Cameron Campbell vs. Arunious Gay

2018-00229490-CU-PO

Cameron Campbell vs. Arunious Gay

Nature of Proceeding: Motion to Compel 1. Form 2. Special 3. Production

Filed By: Smith, Thomas H.

Defendant Arunious Gay’s (“Defendant”) Motion to Compel Responses to (1) Form Interrogatories, (2) Special Interrogatories, and (3) Requests for Production is GRANTED as follows.

This is a personal injury action arising from Plaintiff Cameron Campbell falling through a ramp leading into a box truck on Defendant’s property. On May 18, 2018, Defendant served form interrogatories, special interrogatories, and requests for production (“RFPs”) on Plaintiff’s counsel. (Smith Decl. Exs. A, B., C.) On June 4, 2019 (over one year later), Defendant’s counsel sent Plaintiff a meet and confer letter, stating responses were due June 22, 2019. (Id. Ex. D.) On June 28, Plaintiff’s counsel served unverified response to the form interrogatories, special interrogatories, and RFPs. (Id. Ex. E.) Further, many of the responses were left blank or were objections only. (Id.) On July 31, Defendant sent a second meet and confer letter, requesting verified substantive responses to the discovery requests. (Id. Ex. F.) Defendant has not received verified responses, and thus has filed this motion to compel. (Id. ¶8.)

Plaintiff filed an opposition, though does not substantively oppose the motion. Plaintiff’s counsel explains that the discovery was served on May 18, 2018, such that responses were due on June 22, 2018, yet the matter was dormant until June 4, 2019, nearly a year later. During that time, Plaintiff had moved to Nebraska and fell out of touch with Plaintiff’s original counsel, Michael Maloney, who had been handling the file in May 2018 and has since left the firm. Plaintiff’s firm has now made tentative contact with Plaintiff and is attempting to obtain verifications for the discovery responses. In the interim, Plaintiff has served amended substantive responses, and acknowledges that they are not complete until the verification is provided. (Serrano Decl. ¶¶2-13, Ex. A.)

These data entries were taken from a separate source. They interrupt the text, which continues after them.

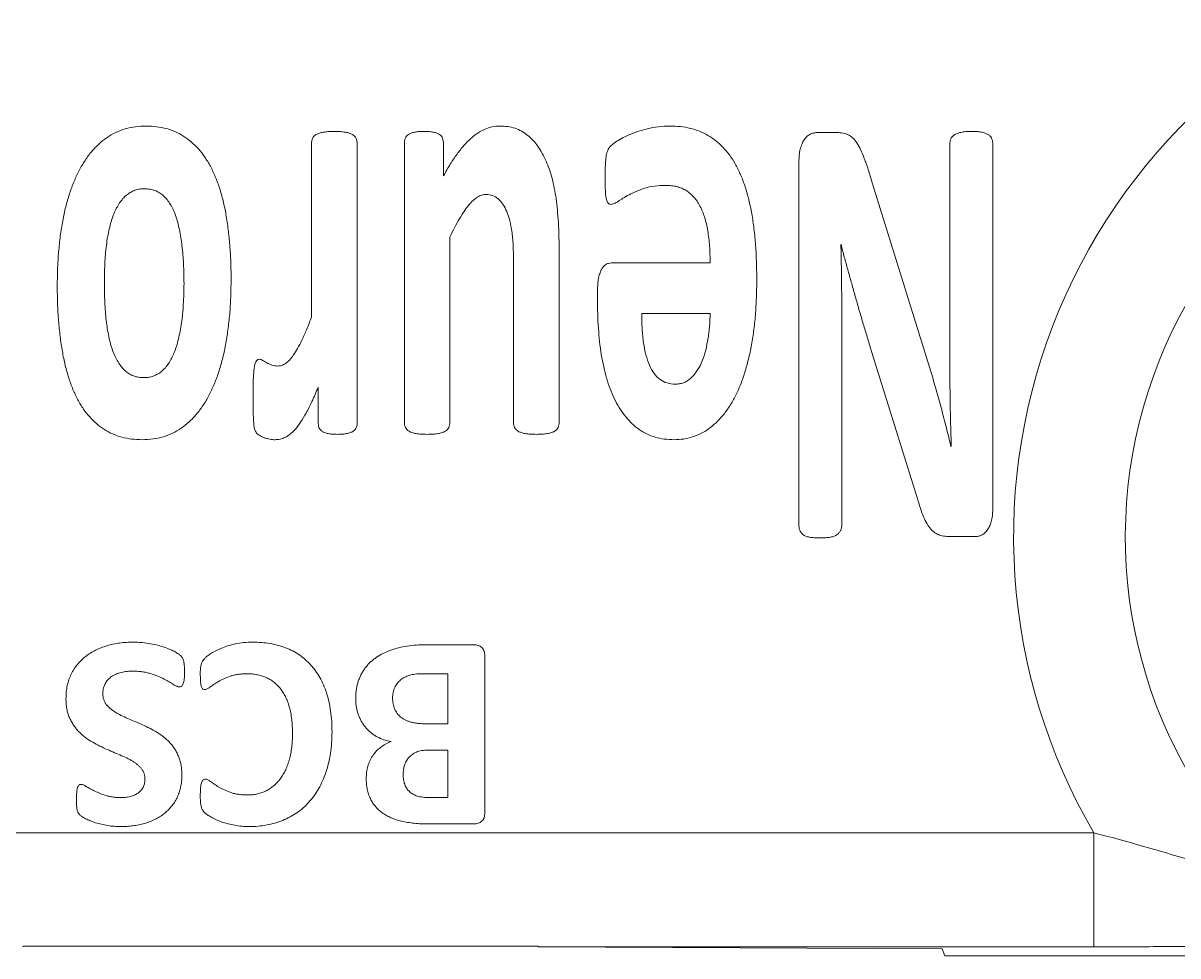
# Model space of a CAD drawing. Header units: millimetres. Extents: x 24.3 to 104.7, y 23.5 to 104.3.
# Drawn here: x 69.26 to 87.27, y 23.51 to 38.06 of the extents above; entities that cross this region are included whole.
import ezdxf

# ---------------------------------------------------------------- set-up
doc = ezdxf.new("R2010")
doc.units = ezdxf.units.MM

msp = doc.modelspace()

# ---------------------------------------------------------------- linework, layer by layer
at = {"color": 7, "linetype": 'Continuous', "lineweight": 15}
for p, q in [((81.644, 36.349), (81.961, 36.349)), ((73.76, 33.47), (73.76, 36.173)), ((74.474, 36.173), (74.474, 31.837)), ((75.209, 31.837), (75.209, 36.173)), ((75.82, 36.173), (75.82, 35.673)), ((83.717, 32.867), (83.717, 36.158)), ((84.388, 36.158), (84.388, 30.504)), ((81.363, 30.236), (81.363, 35.89)), ((82.511, 35.551), (83.424, 32.609)), ((75.919, 34.719), (75.919, 31.837)), ((82.02, 34.603), (82.018, 34.603)), ((77.623, 34.49), (77.623, 31.837)), ((76.911, 31.837), (76.911, 34.287)), ((78.44, 34.316), (79.98, 34.316)), ((78.222, 33.684), (78.222, 33.878)), ((79.98, 33.528), (78.914, 33.528)), ((82.034, 33.188), (82.034, 30.236)), ((83.192, 30.703), (82.476, 33.004)), ((73.865, 31.837), (73.865, 32.376)), ((83.734, 31.452), (83.74, 31.452)), ((84.119, 30.048), (83.72, 30.048)), ((75.557, 28.36), (76.296, 28.36)), ((76.464, 28.181), (76.464, 25.745)), ((75.889, 27.908), (75.485, 27.908)), ((75.889, 27.128), (75.889, 27.908)), ((75.557, 27.128), (75.889, 27.128)), ((75.889, 26.717), (75.585, 26.717)), ((75.889, 25.977), (75.889, 26.717)), ((75.614, 25.977), (75.889, 25.977)), ((42.955, 25.428), (85.963, 25.428)), ((76.296, 25.566), (75.597, 25.566)), ((85.963, 25.428), (85.963, 23.65)), ((77.295, 23.661), (69.264, 23.661)), ((85.963, 23.65), (77.297, 23.65)), ((83.585, 23.619), (77.297, 23.65)), ((83.585, 23.619), (83.6, 23.619)), ((83.637, 23.508), (83.6, 23.619)), ((83.637, 23.508), (101.518, 23.508))]:
    msp.add_line(p, q, dxfattribs=at)
for radius, start, end in [(9.148, 104.3432, 210.32), (7.405, 42.603, 227.8677)]:
    msp.add_arc((93.86, 30.046), radius, start, end, dxfattribs=at)
for centre, start_param, end_param in [((69.262, 25.428), 3.167773, 3.25667), ((77.297, 25.428), 3.026515, 3.115631)]:
    msp.add_ellipse(centre, major_axis=(0, 1.778), ratio=0.008727, start_param=start_param, end_param=end_param, dxfattribs=at)
for points, knots in [([(69.795, 33.962), (69.796, 34.052), (69.798, 34.228), (69.815, 34.487), (69.84, 34.734), (69.877, 34.968), (69.924, 35.189), (69.983, 35.395), (70.054, 35.584), (70.133, 35.758), (70.226, 35.914), (70.328, 36.054), (70.443, 36.173), (70.569, 36.274), (70.706, 36.354), (70.856, 36.411), (71.016, 36.444), (71.126, 36.449), (71.182, 36.451)], [0, 0, 0, 0, 0.085457, 0.166959, 0.2451, 0.320113, 0.391244, 0.45885, 0.522412, 0.582593, 0.639645, 0.693909, 0.745655, 0.796118, 0.846005, 0.895633, 0.946704, 1, 1, 1, 1]), ([(71.182, 36.451), (71.237, 36.449), (71.343, 36.445), (71.497, 36.414), (71.64, 36.364), (71.771, 36.292), (71.891, 36.202), (72.002, 36.094), (72.1, 35.966), (72.188, 35.821), (72.264, 35.658), (72.33, 35.478), (72.386, 35.28), (72.43, 35.065), (72.464, 34.833), (72.488, 34.586), (72.505, 34.322), (72.506, 34.141), (72.506, 34.048)], [0, 0, 0, 0, 0.053165, 0.103908, 0.152774, 0.200894, 0.249543, 0.299354, 0.351577, 0.406583, 0.464767, 0.527314, 0.594202, 0.665668, 0.742107, 0.822801, 0.90889, 1, 1, 1, 1]), ([(75.82, 35.673), (75.854, 35.735), (75.918, 35.852), (76.026, 36.009), (76.132, 36.145), (76.24, 36.255), (76.35, 36.343), (76.464, 36.403), (76.578, 36.445), (76.657, 36.449), (76.695, 36.451)], [0, 0, 0, 0, 0.172078, 0.32684, 0.466453, 0.591883, 0.704905, 0.808971, 0.905555, 1, 1, 1, 1]), ([(76.695, 36.451), (76.737, 36.449), (76.819, 36.447), (76.936, 36.419), (77.042, 36.372), (77.135, 36.305), (77.222, 36.226), (77.296, 36.13), (77.364, 36.024), (77.423, 35.904), (77.473, 35.772), (77.516, 35.631), (77.55, 35.479), (77.578, 35.315), (77.597, 35.137), (77.614, 34.94), (77.621, 34.722), (77.623, 34.569), (77.623, 34.49)], [0, 0, 0, 0, 0.052217, 0.101451, 0.148629, 0.195966, 0.244263, 0.294105, 0.346596, 0.402027, 0.460407, 0.521774, 0.586267, 0.654287, 0.728412, 0.810111, 0.901195, 1, 1, 1, 1]), ([(78.341, 35.634), (78.341, 35.667), (78.342, 35.728), (78.342, 35.811), (78.348, 35.881), (78.351, 35.941), (78.358, 35.991), (78.368, 36.034), (78.382, 36.071), (78.4, 36.11), (78.44, 36.154), (78.507, 36.203), (78.598, 36.26), (78.714, 36.315), (78.85, 36.368), (79.005, 36.412), (79.174, 36.446), (79.293, 36.449), (79.353, 36.451)], [0, 0, 0, 0, 0.065472, 0.119561, 0.165191, 0.204194, 0.237739, 0.265122, 0.290332, 0.31579, 0.350779, 0.406199, 0.478611, 0.563052, 0.65978, 0.766386, 0.88027, 1, 1, 1, 1]), ([(79.353, 36.451), (79.408, 36.449), (79.514, 36.446), (79.668, 36.419), (79.812, 36.372), (79.945, 36.307), (80.069, 36.224), (80.182, 36.122), (80.282, 35.999), (80.374, 35.86), (80.452, 35.7), (80.522, 35.522), (80.578, 35.324), (80.626, 35.108), (80.661, 34.872), (80.689, 34.617), (80.702, 34.342), (80.705, 34.152), (80.706, 34.054)], [0, 0, 0, 0, 0.052694, 0.1033, 0.151306, 0.198998, 0.246655, 0.295114, 0.346031, 0.399502, 0.456771, 0.518255, 0.584714, 0.656235, 0.733026, 0.815922, 0.904986, 1, 1, 1, 1]), ([(73.76, 36.173), (73.76, 36.188), (73.762, 36.217), (73.774, 36.259), (73.797, 36.295), (73.837, 36.321), (73.886, 36.343), (73.949, 36.356), (74.027, 36.367), (74.085, 36.367), (74.117, 36.367)], [0, 0, 0, 0, 0.100198, 0.187988, 0.27791, 0.373948, 0.4898, 0.624396, 0.79415, 1, 1, 1, 1]), ([(74.117, 36.367), (74.149, 36.367), (74.207, 36.367), (74.285, 36.356), (74.348, 36.343), (74.396, 36.321), (74.435, 36.295), (74.458, 36.259), (74.472, 36.218), (74.473, 36.188), (74.474, 36.173)], [0, 0, 0, 0, 0.2093607, 0.3763383, 0.511188, 0.6244083, 0.7206272, 0.8107197, 0.8996131, 1, 1, 1, 1]), ([(75.209, 36.173), (75.21, 36.188), (75.212, 36.217), (75.221, 36.258), (75.241, 36.294), (75.273, 36.321), (75.315, 36.343), (75.37, 36.356), (75.436, 36.367), (75.486, 36.367), (75.513, 36.367)], [0, 0, 0, 0, 0.111869, 0.208953, 0.305663, 0.399317, 0.512959, 0.643007, 0.80496, 1, 1, 1, 1]), ([(75.513, 36.367), (75.541, 36.367), (75.592, 36.367), (75.66, 36.356), (75.715, 36.344), (75.755, 36.32), (75.789, 36.295), (75.806, 36.258), (75.819, 36.217), (75.819, 36.188), (75.82, 36.173)], [0, 0, 0, 0, 0.203598, 0.36407, 0.496255, 0.602778, 0.698168, 0.792303, 0.889422, 1, 1, 1, 1]), ([(81.363, 35.89), (81.364, 35.926), (81.366, 35.993), (81.381, 36.088), (81.409, 36.168), (81.441, 36.235), (81.483, 36.288), (81.534, 36.323), (81.588, 36.344), (81.625, 36.347), (81.644, 36.349)], [0, 0, 0, 0, 0.1787187, 0.3377013, 0.4803122, 0.6021873, 0.7118023, 0.8121665, 0.9075694, 1, 1, 1, 1]), ([(81.961, 36.349), (81.992, 36.347), (82.05, 36.344), (82.134, 36.318), (82.208, 36.266), (82.271, 36.185), (82.332, 36.078), (82.375, 35.966), (82.415, 35.861), (82.444, 35.767), (82.478, 35.663), (82.5, 35.589), (82.511, 35.551)], [0, 0, 0, 0, 0.088465, 0.168108, 0.248273, 0.343073, 0.458979, 0.602106, 0.685706, 0.779714, 0.883735, 1, 1, 1, 1]), ([(83.717, 36.158), (83.718, 36.174), (83.72, 36.203), (83.729, 36.247), (83.751, 36.284), (83.787, 36.314), (83.834, 36.338), (83.894, 36.355), (83.97, 36.367), (84.026, 36.367), (84.057, 36.367)], [0, 0, 0, 0, 0.10163, 0.195964, 0.288154, 0.384533, 0.499112, 0.631165, 0.797528, 1, 1, 1, 1]), ([(84.057, 36.367), (84.087, 36.367), (84.142, 36.367), (84.217, 36.355), (84.277, 36.34), (84.322, 36.314), (84.357, 36.285), (84.375, 36.246), (84.387, 36.204), (84.388, 36.174), (84.388, 36.158)], [0, 0, 0, 0, 0.202081, 0.367588, 0.504549, 0.615099, 0.71042, 0.80076, 0.897207, 1, 1, 1, 1]), ([(78.431, 35.229), (78.423, 35.23), (78.408, 35.232), (78.387, 35.247), (78.371, 35.273), (78.358, 35.312), (78.349, 35.366), (78.344, 35.438), (78.342, 35.529), (78.341, 35.597), (78.341, 35.634)], [0, 0, 0, 0, 0.053066, 0.104608, 0.170614, 0.257229, 0.379981, 0.540243, 0.745714, 1, 1, 1, 1]), ([(79.288, 35.526), (79.23, 35.524), (79.118, 35.521), (78.963, 35.485), (78.831, 35.434), (78.718, 35.382), (78.623, 35.328), (78.548, 35.279), (78.488, 35.239), (78.448, 35.232), (78.431, 35.229)], [0, 0, 0, 0, 0.191302, 0.3628834, 0.5148839, 0.65138, 0.7697701, 0.8682958, 0.9453478, 1, 1, 1, 1]), ([(79.98, 34.316), (79.978, 34.404), (79.974, 34.572), (79.946, 34.811), (79.9, 35.021), (79.839, 35.174), (79.778, 35.278), (79.727, 35.344), (79.669, 35.399), (79.605, 35.446), (79.535, 35.482), (79.459, 35.509), (79.376, 35.522), (79.318, 35.525), (79.288, 35.526)], [0, 0, 0, 0, 0.168416, 0.322179, 0.459143, 0.580395, 0.636069, 0.688497, 0.739235, 0.789269, 0.839039, 0.889644, 0.942864, 1, 1, 1, 1]), ([(71.156, 35.473), (71.13, 35.472), (71.079, 35.47), (71.005, 35.451), (70.936, 35.418), (70.873, 35.374), (70.816, 35.318), (70.765, 35.25), (70.719, 35.171), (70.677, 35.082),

On reply, Defendant asks that the Court still grant the motion, as the responses remain overdue and legally deficient.

The Court agrees, and Plaintiff appears to concede, that it has not served timely and legally adequate responses to the discovery. “Unsworn responses are tantamount to no responses at all.” (Appleton v. Superior Court (1988) 206 Cal.App.3d 632, 636.) Moreover, even if the responses were legally sufficient (which they are not), service of responses after the motion was filed does not moot the motion. Defendant is still entitled to an order. To be clear, a motion is “made” when it is filed and served. (CCP § 1005.5.) At the time the motion was filed Plaintiff had not served responses.

The motion is accordingly GRANTED. Plaintiff is to serve verified responses to the form interrogatories, special interrogatories, and RFPs, without objections, no later than October 4, 2019.

Sanctions are denied as the motion is substantively unopposed.

The minute order is effective immediately. No formal order pursuant to CRC Rule 3.1312 or further notice is required.